─── PROVIDED DATA ───

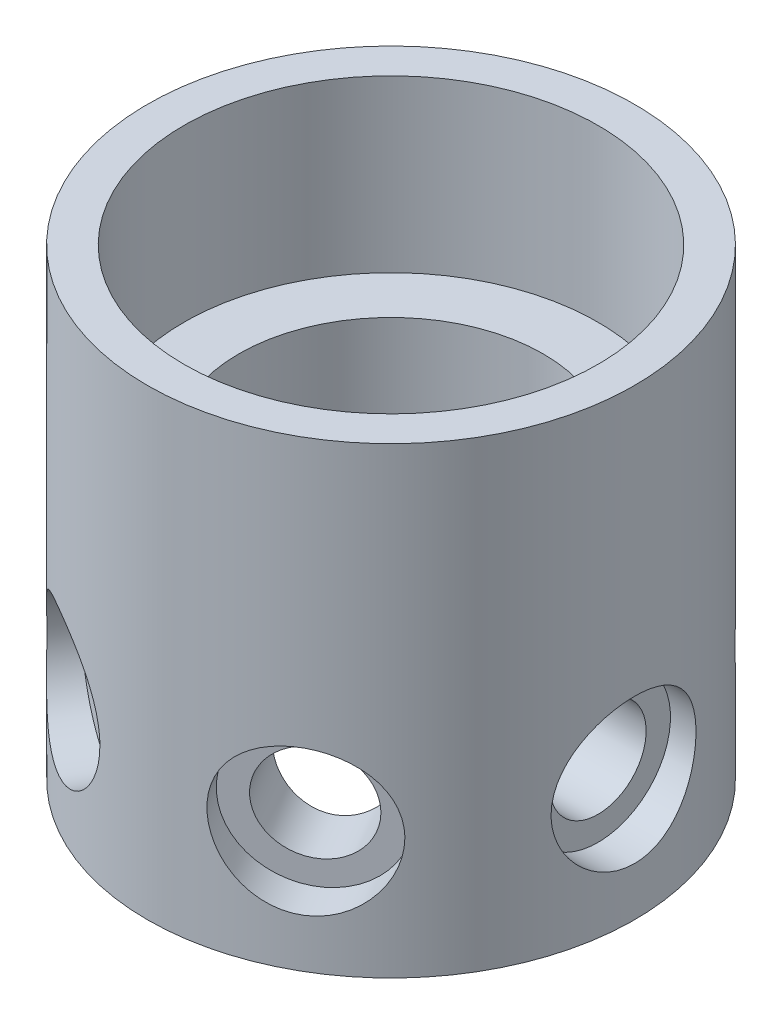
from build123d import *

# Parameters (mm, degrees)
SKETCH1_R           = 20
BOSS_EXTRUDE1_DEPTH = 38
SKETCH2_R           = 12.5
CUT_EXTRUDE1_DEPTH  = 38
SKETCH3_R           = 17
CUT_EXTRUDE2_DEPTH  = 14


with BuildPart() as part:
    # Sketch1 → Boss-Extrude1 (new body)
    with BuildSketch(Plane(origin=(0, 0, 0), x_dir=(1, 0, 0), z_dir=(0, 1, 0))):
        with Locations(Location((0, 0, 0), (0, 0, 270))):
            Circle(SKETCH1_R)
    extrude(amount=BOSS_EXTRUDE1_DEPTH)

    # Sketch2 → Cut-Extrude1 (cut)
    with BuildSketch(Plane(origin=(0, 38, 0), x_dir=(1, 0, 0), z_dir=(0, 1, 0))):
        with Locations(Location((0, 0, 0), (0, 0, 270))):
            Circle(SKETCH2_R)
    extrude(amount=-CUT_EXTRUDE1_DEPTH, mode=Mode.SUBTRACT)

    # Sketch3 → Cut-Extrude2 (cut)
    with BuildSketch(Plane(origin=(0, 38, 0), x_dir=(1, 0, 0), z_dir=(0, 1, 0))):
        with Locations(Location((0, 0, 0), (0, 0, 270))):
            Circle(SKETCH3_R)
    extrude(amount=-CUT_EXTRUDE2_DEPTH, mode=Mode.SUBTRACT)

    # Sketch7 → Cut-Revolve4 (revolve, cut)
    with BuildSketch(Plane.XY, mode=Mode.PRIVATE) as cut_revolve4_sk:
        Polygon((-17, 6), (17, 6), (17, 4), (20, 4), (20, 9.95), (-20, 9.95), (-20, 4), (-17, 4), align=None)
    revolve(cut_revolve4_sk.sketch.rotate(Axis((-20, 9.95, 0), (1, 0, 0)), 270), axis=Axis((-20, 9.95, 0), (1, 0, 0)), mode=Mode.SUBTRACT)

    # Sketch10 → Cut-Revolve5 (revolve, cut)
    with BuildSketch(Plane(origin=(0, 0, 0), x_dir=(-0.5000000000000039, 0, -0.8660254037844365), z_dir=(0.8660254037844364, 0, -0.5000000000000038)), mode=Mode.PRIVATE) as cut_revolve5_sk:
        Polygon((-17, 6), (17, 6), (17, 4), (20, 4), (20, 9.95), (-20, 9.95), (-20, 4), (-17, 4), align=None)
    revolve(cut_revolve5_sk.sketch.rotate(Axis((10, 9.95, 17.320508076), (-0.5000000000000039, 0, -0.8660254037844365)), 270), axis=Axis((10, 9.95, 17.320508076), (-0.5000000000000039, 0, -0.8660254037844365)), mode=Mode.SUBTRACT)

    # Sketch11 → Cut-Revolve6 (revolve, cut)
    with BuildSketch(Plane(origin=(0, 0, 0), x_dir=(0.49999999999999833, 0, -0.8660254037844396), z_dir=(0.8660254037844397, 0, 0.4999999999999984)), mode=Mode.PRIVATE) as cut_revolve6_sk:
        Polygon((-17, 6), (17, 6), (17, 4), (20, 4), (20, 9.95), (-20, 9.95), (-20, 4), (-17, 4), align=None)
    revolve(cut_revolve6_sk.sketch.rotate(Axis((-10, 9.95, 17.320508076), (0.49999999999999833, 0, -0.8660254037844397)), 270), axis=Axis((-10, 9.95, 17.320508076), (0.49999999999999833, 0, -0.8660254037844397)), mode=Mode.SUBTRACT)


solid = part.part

───

INSTRUCTIONS FOR THE TASK
Without any of the pictures, set the entries down again exactly as written.

OUTPUT OF THE TASK
from build123d import *

# Parameters (mm, degrees)
SKETCH1_R           = 20
BOSS_EXTRUDE1_DEPTH = 38
SKETCH2_R           = 12.5
CUT_EXTRUDE1_DEPTH  = 38
SKETCH3_R           = 17
CUT_EXTRUDE2_DEPTH  = 14


with BuildPart() as part:
    # Sketch1 → Boss-Extrude1 (new body)
    with BuildSketch(Plane(origin=(0, 0, 0), x_dir=(1, 0, 0), z_dir=(0, 1, 0))):
        with Locations(Location((0, 0, 0), (0, 0, 270))):
            Circle(SKETCH1_R)
    extrude(amount=BOSS_EXTRUDE1_DEPTH)

    # Sketch2 → Cut-Extrude1 (cut)
    with BuildSketch(Plane(origin=(0, 38, 0), x_dir=(1, 0, 0), z_dir=(0, 1, 0))):
        with Locations(Location((0, 0, 0), (0, 0, 270))):
            Circle(SKETCH2_R)
    extrude(amount=-CUT_EXTRUDE1_DEPTH, mode=Mode.SUBTRACT)

    # Sketch3 → Cut-Extrude2 (cut)
    with BuildSketch(Plane(origin=(0, 38, 0), x_dir=(1, 0, 0), z_dir=(0, 1, 0))):
        with Locations(Location((0, 0, 0), (0, 0, 270))):
            Circle(SKETCH3_R)
    extrude(amount=-CUT_EXTRUDE2_DEPTH, mode=Mode.SUBTRACT)

    # Sketch7 → Cut-Revolve4 (revolve, cut)
    with BuildSketch(Plane.XY, mode=Mode.PRIVATE) as cut_revolve4_sk:
        Polygon((-17, 6), (17, 6), (17, 4), (20, 4), (20, 9.95), (-20, 9.95), (-20, 4), (-17, 4), align=None)
    revolve(cut_revolve4_sk.sketch.rotate(Axis((-20, 9.95, 0), (1, 0, 0)), 270), axis=Axis((-20, 9.95, 0), (1, 0, 0)), mode=Mode.SUBTRACT)

    # Sketch10 → Cut-Revolve5 (revolve, cut)
    with BuildSketch(Plane(origin=(0, 0, 0), x_dir=(-0.5000000000000039, 0, -0.8660254037844365), z_dir=(0.8660254037844364, 0, -0.5000000000000038)), mode=Mode.PRIVATE) as cut_revolve5_sk:
        Polygon((-17, 6), (17, 6), (17, 4), (20, 4), (20, 9.95), (-20, 9.95), (-20, 4), (-17, 4), align=None)
    revolve(cut_revolve5_sk.sketch.rotate(Axis((10, 9.95, 17.320508076), (-0.5000000000000039, 0, -0.8660254037844365)), 270), axis=Axis((10, 9.95, 17.320508076), (-0.5000000000000039, 0, -0.8660254037844365)), mode=Mode.SUBTRACT)

    # Sketch11 → Cut-Revolve6 (revolve, cut)
    with BuildSketch(Plane(origin=(0, 0, 0), x_dir=(0.49999999999999833, 0, -0.8660254037844396), z_dir=(0.8660254037844397, 0, 0.4999999999999984)), mode=Mode.PRIVATE) as cut_revolve6_sk:
        Polygon((-17, 6), (17, 6), (17, 4), (20, 4), (20, 9.95), (-20, 9.95), (-20, 4), (-17, 4), align=None)
    revolve(cut_revolve6_sk.sketch.rotate(Axis((-10, 9.95, 17.320508076), (0.49999999999999833, 0, -0.8660254037844397)), 270), axis=Axis((-10, 9.95, 17.320508076), (0.49999999999999833, 0, -0.8660254037844397)), mode=Mode.SUBTRACT)


solid = part.part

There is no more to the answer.